In this paper we propose a Bayesian game to allocate resources. In this game, there are $c$ units of resources to be allocated to $n$ players. Agent $i$ has a demand of $V_i$ units of resources and takes action $X_i$ according to a strategy function $s_i$, \ie $X_i=s_i(V_i)$. Payoffs are setup such that player $i$ is contented with no more than $V_i$ units of resources. We assume that resources are granted to the players on a smallest-request-first and all-or-nothing basis.
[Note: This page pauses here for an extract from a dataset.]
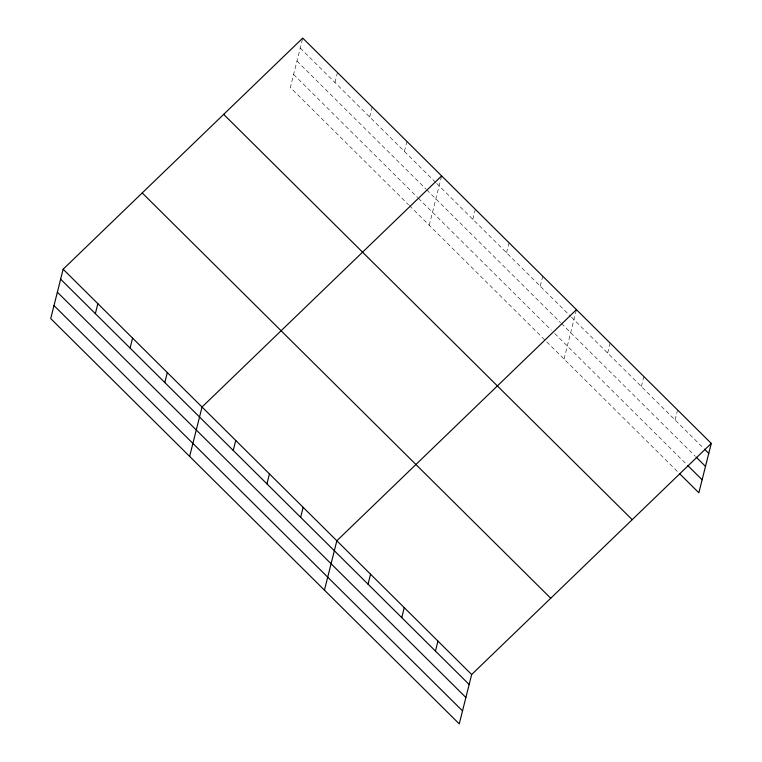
<?xml version="1.0" encoding="UTF-8"?>
<svg xmlns="http://www.w3.org/2000/svg" width="762" height="762" viewBox="0 0 762 762"><rect width="100%" height="100%" fill="white"/><g stroke="black" fill="none" stroke-linecap="round" stroke-linejoin="round"><path stroke-width="0.57" stroke-dasharray="3.81 2.86" d="M302.466 39.205L290.341 87.478L408.565 204.778M334.966 82.525L337.461 72.552M369.684 116.977L372.189 107.004M404.412 151.428L406.918 141.456M429.235 225.285L441.36 177.013M472.84 219.313L475.345 209.34M506.539 252.755L509.045 242.783M540.248 286.188L542.754 276.215M564.051 359.035L576.453 309.658M607.647 353.063L610.152 343.091M641.356 386.505L643.861 376.533M675.056 419.948L677.561 409.975M300.238 48.073L435.826 182.594M436.655 183.413L570.576 316.287M571.424 317.125L703.707 448.37M296.97 61.074L425.948 189.043M426.777 189.862L560.565 322.602M561.413 323.44L695.382 456.352M293.608 74.476L417.624 197.52M418.443 198.339L551.307 330.146M554.679 333.489L686.962 464.734M409.394 205.597L678.637 472.726"/><path stroke-width="1.14" d="M63.141 269.215L50.73 318.592L459.257 723.9L471.659 674.522L711.27 443.408L302.743 38.1L63.141 269.215L471.659 674.522M95.355 313.639L97.86 303.667M130.083 348.091L132.588 338.109M164.811 382.534L167.316 372.561M189.633 456.4L202.035 407.013L441.636 175.908M233.239 450.428L235.744 440.455M266.938 483.86L269.443 473.888M300.638 517.303L303.143 507.33M324.45 590.15L336.852 540.772L576.453 309.658M368.046 584.178L370.551 574.205M401.755 617.62L404.26 607.647M435.454 651.053L437.959 641.08M711.27 443.408L698.859 492.785L679.485 473.564M704.545 449.199L708.765 453.38M696.23 457.19L705.498 466.382M687.8 465.572L702.126 479.784M223.676 114.367L632.193 519.674M142.208 192.948L550.736 598.256M60.636 279.187L469.154 684.495M57.369 292.189L465.887 697.497M53.997 305.591L462.524 710.898"/></g></svg>

For this game with two players, we analyze the equilibrium strategy functions mathematically within the family of alternating identity-and-flat (AIF) functions. We show that Nash equilibrium profiles consist of two identity functions, two AIF functions with a common switch point, or two AIF functions with one and three switch points, respectively. For an $n$-player game with a large $n$ and a large $c_n$ of order $O(n)$, we present a mean-field first order approximation and a second-order Gaussian approximation for its equilibrium strategy function. The first-order analysis obtains an equilibrium AIF function with one switch point. In Gaussian analysis of large games, we propose a construction algorithm. This construction algorithm begins in searching within the family of AIF functions. If a gradient conflict condition occurs, the game enters a chattering regime, in which players play a continuous, strictly increasing strategy function that is not an identity nor a flat function. Conceptually one can view the chattering regime as if players alternate between a slope-one strategy and a flat strategy infinitely fast in order to sustain a high payoff. We prove that the construction algorithm always obtains a Nash equilibrium and terminates in a finite number of steps. We present several numerical examples for the two player game as well as the Gaussian model.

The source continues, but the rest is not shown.